**What is required**
Copy out all lines in the data below containing the string "Scope".

##############################

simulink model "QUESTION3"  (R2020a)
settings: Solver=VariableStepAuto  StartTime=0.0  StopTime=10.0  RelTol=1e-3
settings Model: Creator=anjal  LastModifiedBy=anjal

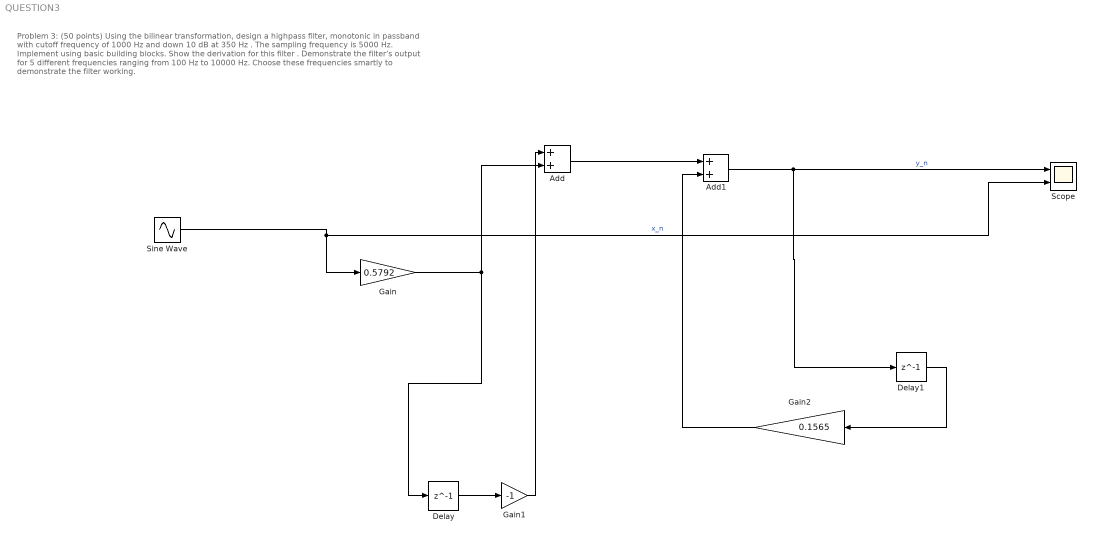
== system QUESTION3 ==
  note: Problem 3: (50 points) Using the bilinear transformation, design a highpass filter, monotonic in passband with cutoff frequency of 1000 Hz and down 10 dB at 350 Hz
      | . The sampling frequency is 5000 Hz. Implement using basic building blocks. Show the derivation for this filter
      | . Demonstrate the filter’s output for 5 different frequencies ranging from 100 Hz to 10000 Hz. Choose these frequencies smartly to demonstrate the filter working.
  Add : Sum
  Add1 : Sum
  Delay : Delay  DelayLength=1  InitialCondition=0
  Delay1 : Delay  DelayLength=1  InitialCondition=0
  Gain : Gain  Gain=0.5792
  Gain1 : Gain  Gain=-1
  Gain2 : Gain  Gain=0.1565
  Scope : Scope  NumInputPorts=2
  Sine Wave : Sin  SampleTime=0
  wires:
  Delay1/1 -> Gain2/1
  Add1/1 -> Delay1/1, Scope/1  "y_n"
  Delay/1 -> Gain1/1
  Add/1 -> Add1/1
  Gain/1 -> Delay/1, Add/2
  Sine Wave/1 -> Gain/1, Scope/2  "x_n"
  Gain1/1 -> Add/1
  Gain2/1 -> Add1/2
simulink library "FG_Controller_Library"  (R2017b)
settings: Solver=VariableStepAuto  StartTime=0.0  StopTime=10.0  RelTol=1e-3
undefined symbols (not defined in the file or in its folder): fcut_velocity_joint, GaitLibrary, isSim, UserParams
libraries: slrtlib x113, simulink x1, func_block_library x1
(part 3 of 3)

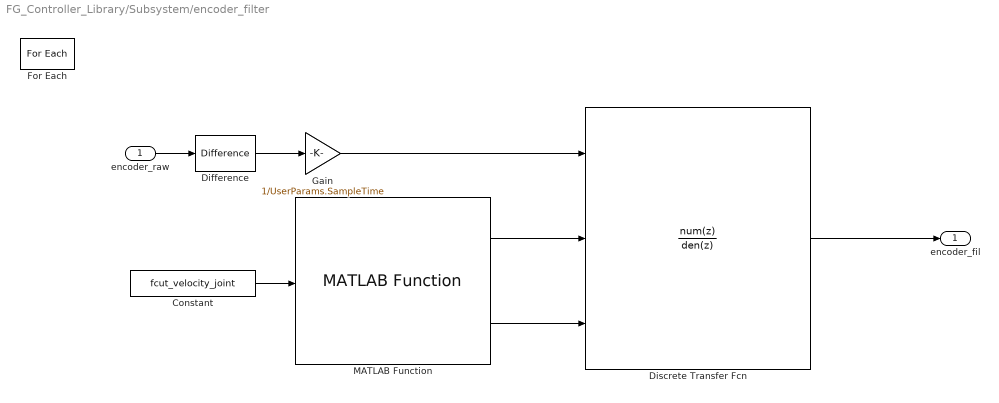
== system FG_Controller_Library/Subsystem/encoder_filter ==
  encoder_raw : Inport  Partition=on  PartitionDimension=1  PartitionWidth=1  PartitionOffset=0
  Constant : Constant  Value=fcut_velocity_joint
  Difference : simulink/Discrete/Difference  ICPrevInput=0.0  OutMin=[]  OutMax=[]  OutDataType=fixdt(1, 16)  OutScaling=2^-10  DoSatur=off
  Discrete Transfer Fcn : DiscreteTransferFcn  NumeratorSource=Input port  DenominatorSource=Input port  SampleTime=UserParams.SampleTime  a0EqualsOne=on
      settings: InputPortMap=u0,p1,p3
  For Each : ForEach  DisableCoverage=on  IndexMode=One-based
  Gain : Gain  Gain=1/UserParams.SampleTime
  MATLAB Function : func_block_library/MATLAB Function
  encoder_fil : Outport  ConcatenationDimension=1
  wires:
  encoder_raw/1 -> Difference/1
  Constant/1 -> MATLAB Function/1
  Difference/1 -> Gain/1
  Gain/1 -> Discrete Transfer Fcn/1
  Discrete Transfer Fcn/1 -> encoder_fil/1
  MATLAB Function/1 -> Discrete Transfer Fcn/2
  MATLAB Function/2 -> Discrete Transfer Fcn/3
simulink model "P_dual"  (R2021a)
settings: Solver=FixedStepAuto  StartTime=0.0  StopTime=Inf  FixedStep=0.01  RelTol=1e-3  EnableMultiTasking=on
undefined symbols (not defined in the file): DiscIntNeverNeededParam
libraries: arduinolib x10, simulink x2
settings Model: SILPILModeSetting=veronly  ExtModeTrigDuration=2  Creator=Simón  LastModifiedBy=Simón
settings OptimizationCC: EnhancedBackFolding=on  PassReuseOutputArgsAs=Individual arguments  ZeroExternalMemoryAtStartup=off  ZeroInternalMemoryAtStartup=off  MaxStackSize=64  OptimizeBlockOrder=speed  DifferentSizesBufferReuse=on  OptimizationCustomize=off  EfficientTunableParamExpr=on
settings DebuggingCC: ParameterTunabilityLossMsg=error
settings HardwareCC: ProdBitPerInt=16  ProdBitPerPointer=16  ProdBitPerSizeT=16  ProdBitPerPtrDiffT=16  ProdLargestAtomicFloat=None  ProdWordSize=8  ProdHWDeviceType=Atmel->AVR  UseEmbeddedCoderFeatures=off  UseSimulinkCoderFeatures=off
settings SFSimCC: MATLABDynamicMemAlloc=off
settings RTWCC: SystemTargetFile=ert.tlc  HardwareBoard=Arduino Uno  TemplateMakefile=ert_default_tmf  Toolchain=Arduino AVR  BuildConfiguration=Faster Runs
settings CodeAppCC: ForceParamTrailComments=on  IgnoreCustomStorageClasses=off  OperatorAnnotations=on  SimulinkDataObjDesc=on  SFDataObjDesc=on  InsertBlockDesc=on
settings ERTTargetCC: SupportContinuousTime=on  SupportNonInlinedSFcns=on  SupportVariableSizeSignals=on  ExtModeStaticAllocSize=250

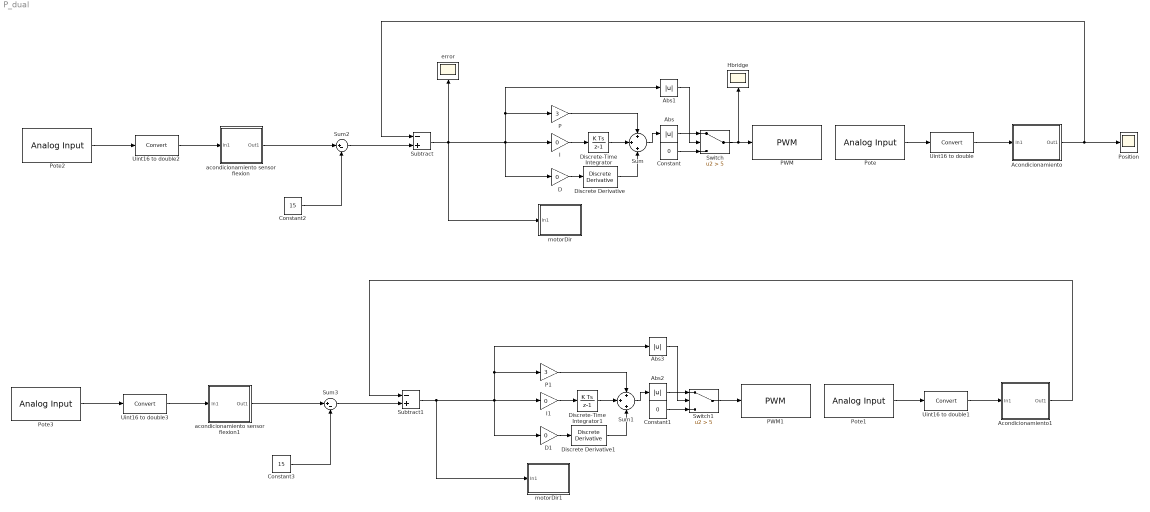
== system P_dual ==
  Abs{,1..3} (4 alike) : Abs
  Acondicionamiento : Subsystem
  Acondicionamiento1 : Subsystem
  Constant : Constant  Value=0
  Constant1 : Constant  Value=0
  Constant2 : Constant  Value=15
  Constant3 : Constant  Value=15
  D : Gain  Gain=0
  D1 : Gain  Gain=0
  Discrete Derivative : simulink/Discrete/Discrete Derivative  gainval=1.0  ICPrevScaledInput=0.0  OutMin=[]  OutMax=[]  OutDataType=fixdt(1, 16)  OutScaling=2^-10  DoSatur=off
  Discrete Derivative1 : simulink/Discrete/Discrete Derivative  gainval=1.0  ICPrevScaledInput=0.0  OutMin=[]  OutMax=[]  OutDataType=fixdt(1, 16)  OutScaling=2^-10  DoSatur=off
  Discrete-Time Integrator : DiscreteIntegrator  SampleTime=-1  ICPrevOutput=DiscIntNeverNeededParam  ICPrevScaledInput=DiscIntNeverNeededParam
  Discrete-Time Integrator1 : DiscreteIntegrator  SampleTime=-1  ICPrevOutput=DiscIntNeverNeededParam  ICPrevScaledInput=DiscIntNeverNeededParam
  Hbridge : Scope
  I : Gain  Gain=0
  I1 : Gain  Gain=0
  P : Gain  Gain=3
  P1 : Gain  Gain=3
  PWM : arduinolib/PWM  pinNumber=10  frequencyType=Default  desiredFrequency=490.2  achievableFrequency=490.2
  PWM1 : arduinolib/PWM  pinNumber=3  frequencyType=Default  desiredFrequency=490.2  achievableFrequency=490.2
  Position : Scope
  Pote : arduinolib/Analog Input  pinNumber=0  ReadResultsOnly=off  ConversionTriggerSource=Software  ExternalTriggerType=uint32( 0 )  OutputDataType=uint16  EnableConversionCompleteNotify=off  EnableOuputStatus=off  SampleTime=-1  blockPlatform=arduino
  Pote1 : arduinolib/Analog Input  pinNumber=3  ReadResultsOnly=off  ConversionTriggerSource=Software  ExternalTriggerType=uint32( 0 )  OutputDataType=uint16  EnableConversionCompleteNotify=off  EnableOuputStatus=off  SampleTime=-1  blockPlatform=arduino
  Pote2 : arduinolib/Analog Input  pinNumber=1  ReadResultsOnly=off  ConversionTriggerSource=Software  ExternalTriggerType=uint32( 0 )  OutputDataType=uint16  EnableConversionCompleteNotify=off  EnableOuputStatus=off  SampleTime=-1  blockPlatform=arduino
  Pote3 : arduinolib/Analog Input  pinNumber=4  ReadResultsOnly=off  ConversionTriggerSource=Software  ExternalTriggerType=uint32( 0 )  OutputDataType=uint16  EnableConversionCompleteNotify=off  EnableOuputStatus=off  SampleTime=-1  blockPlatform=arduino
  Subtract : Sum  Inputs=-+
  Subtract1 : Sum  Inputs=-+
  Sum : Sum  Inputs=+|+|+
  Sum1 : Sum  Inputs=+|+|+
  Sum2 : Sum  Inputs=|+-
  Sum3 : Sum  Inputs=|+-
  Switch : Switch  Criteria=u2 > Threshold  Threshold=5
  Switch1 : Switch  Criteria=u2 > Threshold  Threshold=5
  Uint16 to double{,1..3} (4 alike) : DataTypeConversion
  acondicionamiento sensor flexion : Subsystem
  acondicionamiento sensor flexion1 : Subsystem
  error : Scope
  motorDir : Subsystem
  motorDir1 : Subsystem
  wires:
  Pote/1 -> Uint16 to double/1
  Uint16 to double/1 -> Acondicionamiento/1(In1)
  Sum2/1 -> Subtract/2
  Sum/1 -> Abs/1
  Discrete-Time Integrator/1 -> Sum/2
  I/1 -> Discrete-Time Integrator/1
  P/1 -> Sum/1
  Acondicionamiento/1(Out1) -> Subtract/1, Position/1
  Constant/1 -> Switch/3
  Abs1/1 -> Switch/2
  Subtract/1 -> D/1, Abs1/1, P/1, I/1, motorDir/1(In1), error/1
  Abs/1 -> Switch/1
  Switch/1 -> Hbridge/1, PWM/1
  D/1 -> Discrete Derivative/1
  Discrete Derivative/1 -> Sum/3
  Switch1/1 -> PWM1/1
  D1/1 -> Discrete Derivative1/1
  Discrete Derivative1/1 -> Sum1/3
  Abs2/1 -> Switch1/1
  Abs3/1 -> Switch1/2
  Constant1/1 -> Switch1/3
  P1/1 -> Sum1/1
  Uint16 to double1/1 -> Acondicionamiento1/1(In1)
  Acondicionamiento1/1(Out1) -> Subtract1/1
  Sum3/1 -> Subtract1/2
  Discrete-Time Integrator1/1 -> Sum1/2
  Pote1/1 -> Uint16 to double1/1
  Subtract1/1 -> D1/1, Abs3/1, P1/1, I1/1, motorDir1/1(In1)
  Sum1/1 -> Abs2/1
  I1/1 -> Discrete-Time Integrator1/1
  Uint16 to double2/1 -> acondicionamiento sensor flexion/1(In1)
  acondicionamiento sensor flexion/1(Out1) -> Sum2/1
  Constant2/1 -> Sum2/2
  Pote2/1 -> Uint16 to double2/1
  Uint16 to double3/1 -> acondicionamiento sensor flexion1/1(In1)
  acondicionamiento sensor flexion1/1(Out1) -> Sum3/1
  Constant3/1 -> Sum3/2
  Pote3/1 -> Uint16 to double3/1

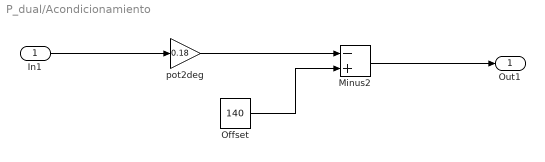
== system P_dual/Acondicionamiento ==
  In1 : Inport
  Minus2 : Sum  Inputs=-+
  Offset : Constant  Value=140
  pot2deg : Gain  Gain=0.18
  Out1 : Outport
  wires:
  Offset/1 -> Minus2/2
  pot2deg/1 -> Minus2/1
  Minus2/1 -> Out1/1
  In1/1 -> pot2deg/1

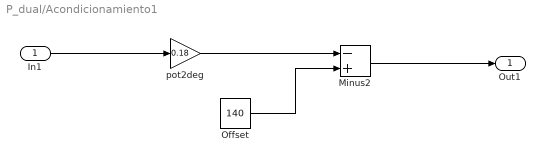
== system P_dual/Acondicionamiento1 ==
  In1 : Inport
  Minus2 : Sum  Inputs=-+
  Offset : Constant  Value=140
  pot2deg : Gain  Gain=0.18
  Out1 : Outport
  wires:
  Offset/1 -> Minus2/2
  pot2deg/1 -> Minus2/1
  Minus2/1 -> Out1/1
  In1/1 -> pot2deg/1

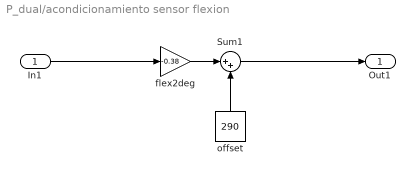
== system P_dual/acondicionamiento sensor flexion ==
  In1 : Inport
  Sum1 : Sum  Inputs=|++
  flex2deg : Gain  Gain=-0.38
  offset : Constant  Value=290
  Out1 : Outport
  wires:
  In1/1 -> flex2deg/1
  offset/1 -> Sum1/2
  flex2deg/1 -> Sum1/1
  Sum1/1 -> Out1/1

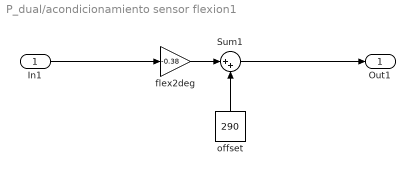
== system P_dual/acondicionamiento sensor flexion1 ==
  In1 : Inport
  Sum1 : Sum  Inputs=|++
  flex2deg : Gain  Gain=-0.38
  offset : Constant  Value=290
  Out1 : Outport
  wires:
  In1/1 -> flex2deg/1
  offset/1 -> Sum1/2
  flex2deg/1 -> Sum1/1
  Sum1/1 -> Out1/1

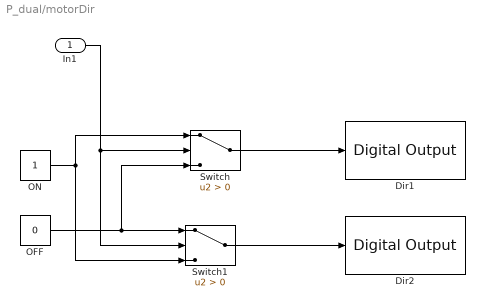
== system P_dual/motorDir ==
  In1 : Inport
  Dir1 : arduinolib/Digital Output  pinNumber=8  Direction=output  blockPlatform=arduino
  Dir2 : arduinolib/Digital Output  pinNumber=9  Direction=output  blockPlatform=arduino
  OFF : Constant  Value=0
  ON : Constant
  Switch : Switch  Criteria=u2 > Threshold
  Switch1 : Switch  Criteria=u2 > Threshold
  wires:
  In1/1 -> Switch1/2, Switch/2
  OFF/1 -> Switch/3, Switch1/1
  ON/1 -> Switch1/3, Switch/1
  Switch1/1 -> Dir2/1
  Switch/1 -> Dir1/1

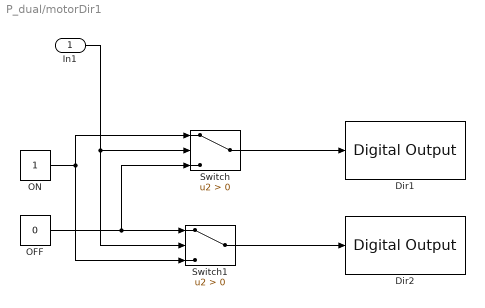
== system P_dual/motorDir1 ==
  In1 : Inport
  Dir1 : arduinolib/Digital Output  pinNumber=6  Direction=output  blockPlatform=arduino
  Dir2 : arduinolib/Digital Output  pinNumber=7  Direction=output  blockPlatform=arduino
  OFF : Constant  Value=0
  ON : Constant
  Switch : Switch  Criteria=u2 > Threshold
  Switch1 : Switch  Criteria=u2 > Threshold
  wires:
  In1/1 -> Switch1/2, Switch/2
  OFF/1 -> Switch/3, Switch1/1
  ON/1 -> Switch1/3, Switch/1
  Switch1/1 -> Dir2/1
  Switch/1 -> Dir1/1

##############################

**Task response**
  Scope : Scope  NumInputPorts=2
  Add1/1 -> Delay1/1, Scope/1  "y_n"
  Sine Wave/1 -> Gain/1, Scope/2  "x_n"
  Hbridge : Scope
  Position : Scope
  error : Scope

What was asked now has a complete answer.